# Watching TV on Ubuntu



## chris (Aug 29, 2014)

On Windows i used AVerTV Volar GO to watch TV. It connect to STB with RCA Video Audio Connector.

AverMedia AVerTV VOLAR GO TV Tuner Card - AverMedia : Flipkart.com

But the device is not working on Ubuntu as AverTV don't have Linux drivers. Previously i used Pinnacle TV Tuner (PCI card), I switched to AverMedia USB device when i switched to Windows 7 as Pinnacle software did not support Win 7. It worked on Linux with very bad quality video on tvtime. I read old card (bttv driver) work on linux, but i don't want to go for old device as from my experience video quality was bad. I am not sure it was due to my hardware at that time, i had no GPU, it was like 3 years ago.

Anyone know what is the best way to watch TV on Ubuntu ?


----------



## JGuru (Sep 8, 2014)

Checkout the following link for TV viewing software in Ubuntu.

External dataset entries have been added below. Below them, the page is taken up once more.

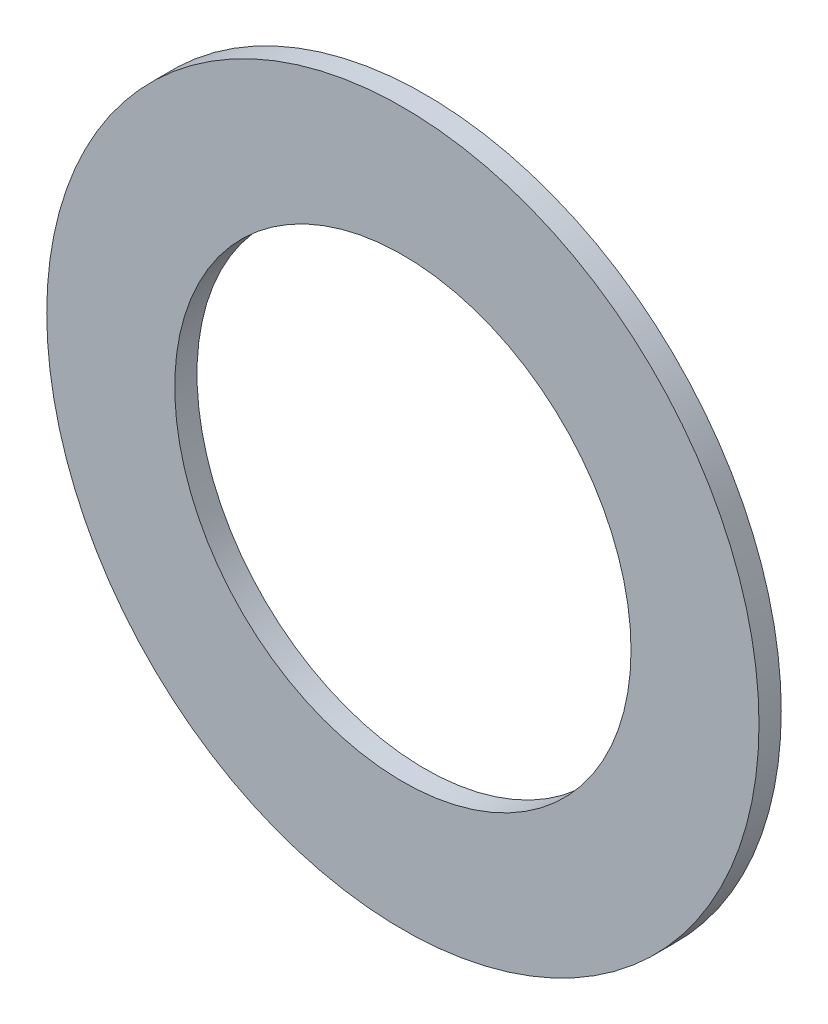
SolidWorks part; units mm, degrees
ref_plane "Front Plane" through (0, 0, 0) normal (0, 0, 1) x (1, 0, 0)
ref_plane "Top Plane" through (0, 0, 0) normal (0, 1, 0) x (1, 0, 0)
ref_plane "Right Plane" through (0, 0, 0) normal (1, 0, 0) x (0, 0, -1)
sketch "Sketch1" plane through (0, 0, 0) normal (0, 0, 1) x (1, 0, 0)
  circle A0 centre (0, 0) radius 10.25
  circle A1 centre (0, 0) radius 16
extrude "Boss-Extrude1" add sketch "Sketch1" along normal blind 1
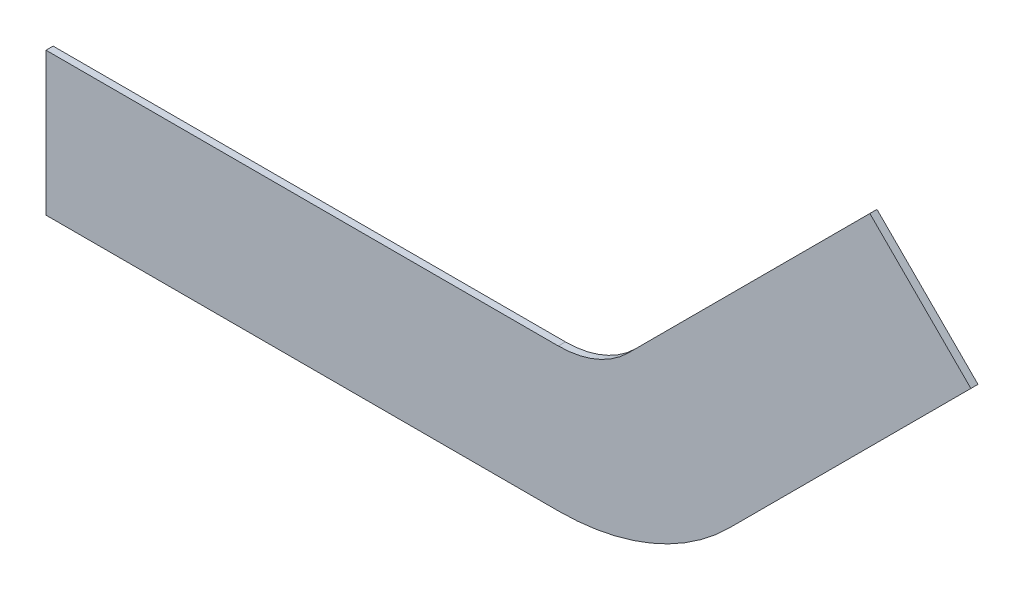
SolidWorks part; units mm, degrees
ref_plane "Front Plane" through (0, 0, 0) normal (0, 0, 1) x (1, 0, 0)
ref_plane "Top Plane" through (0, 0, 0) normal (0, 1, 0) x (1, 0, 0)
ref_plane "Right Plane" through (0, 0, 0) normal (1, 0, 0) x (0, 0, -1)
sketch "Sketch1" plane through (0, 0, 0) normal (0, 0, 1) x (1, 0, 0)
  line L0 (0, 0) -> (0, -63.754)
  line L1 (0, -63.754) -> (228.6, -63.754)
  line L2 (304.9322, -32.1362) -> (412.6953, 75.6269)
  line L3 (0, 0) -> (228.6, 0)
  line L4 (259.8513, 12.9447) -> (367.6144, 120.7078)
  line L5 (412.6953, 75.6269) -> (367.6144, 120.7078)
  arc A0 (228.6, -63.754) -> (304.9322, -32.1362) centre (228.6, 44.196) ccw
  arc A1 (228.6, 0) -> (259.8513, 12.9447) centre (228.6, 44.196) ccw
  point P8 (370.0069, 120.4775)
  dimension "D1" = 107.95
  dimension "D2" = 45
  dimension "D3" = 228.6
  dimension "D4" = 152.4
  dimension "D5" = 63.754
extrude "Base Extrude" add sketch "Sketch1" along normal blind 3.175
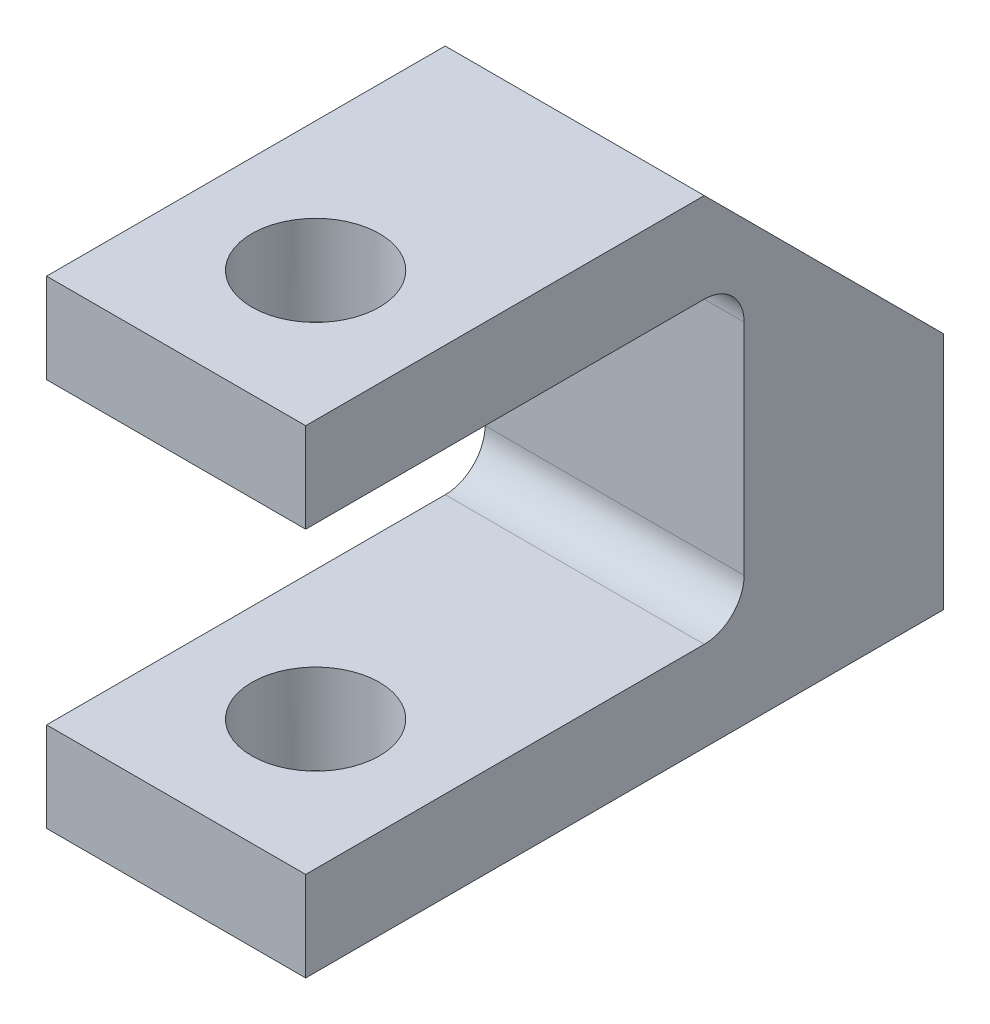
SolidWorks part; units mm, degrees
ref_plane "Front Plane" through (0, 0, 0) normal (0, 0, 1) x (1, 0, 0)
ref_plane "Top Plane" through (0, 0, 0) normal (0, 1, 0) x (1, 0, 0)
ref_plane "Right Plane" through (0, 0, 0) normal (1, 0, 0) x (0, 0, -1)
sketch "Sketch1" plane through (0, 0, 0) normal (1, 0, 0) x (0, 0, -1)
  line L1 (-8, -6) -> (8, -6)
  line L2 (-8, -6) -> (-8, 6)
  line L3 (-8, 6) -> (8, 6)
  line L4 (8, -6) -> (8, 6)
  line L5 (-8, -6) -> (8, 6) construction
  line L6 (-8, 6) -> (8, -6) construction
  point P0 (0, 0)
  dimension "D1" = 16
  dimension "D2" = 12
extrude "Boss-Extrude1" add sketch "Sketch1" against normal blind 6.5
sketch "Sketch2" plane through (0, 0, 0) normal (1, 0, 0) x (0, 0, -1)
  line L0 (8, 0) -> (2, 6)
  line L1 (8, -6) -> (8, 6) construction
  line L2 (8, 6) -> (-8, 6) construction
  line L3 (2, 6) -> (8, 6)
  line L4 (8, 6) -> (8, 0)
  dimension "D1" = 6
  dimension "D2" = 6
extrude "Cut-Extrude1" cut sketch "Sketch2" against normal through all
sketch "Sketch3" plane through (0, 0, 8) normal (0, 0, 1) x (1, 0, 0)
  line L0 (-3.25, 6) -> (-3.25, -6) construction
  line L1 (-6.5, 6) -> (0, 6) construction
  line L2 (-6.5, -6) -> (0, -6) construction
  line L4 (-10.25, -3.75) -> (3.75, -3.75)
  line L5 (-10.25, -3.75) -> (-10.25, 3.75)
  line L6 (-10.25, 3.75) -> (3.75, 3.75)
  line L7 (3.75, -3.75) -> (3.75, 3.75)
  line L8 (-10.25, -3.75) -> (3.75, 3.75) construction
  line L9 (-10.25, 3.75) -> (3.75, -3.75) construction
  point P6 (-3.25, 0)
  dimension "D1" = 14
  dimension "D2" = 7.5
extrude "Cut-Extrude2" cut sketch "Sketch3" against normal blind 11 contours L5 L4 L7 L6
sketch "Sketch4" plane through (0, 6, 0) normal (0, 1, 0) x (1, 0, 0)
  line L0 (-3.25, 2) -> (-3.25, -8) construction
  line L1 (-6.5, 2) -> (0, 2) construction
  line L2 (-6.5, -8) -> (0, -8) construction
  circle A1 centre (-3.25, -4.5) radius 1.6
  dimension "D1" = 3.2
  dimension "D2" = 3.5
extrude "Cut-Extrude3" cut sketch "Sketch4" against normal through all
fillet "Fillet1" radius 1 2 edges at (-3.25, -3.75, -3) (-3.25, 3.75, -3)

List of Software for Watching Live TV Channels on Ubuntu | UbuntuHandbook

Only certain TV tuning cards are supported in Linux!!


----------



## chris (Sep 8, 2014)

Thanks JGuru. Most of those programs are for internet TV watching, that is not possible in India as we don't have much channels that are accessible through these programs and slow net speed and bandwidth limit make it impossible to use. So only way is to get something that work with cable provider. "Me TV" is something close, but that is for DVB-T and related, i think it is only possible for those who use free-to-air/satellite not STB.


----------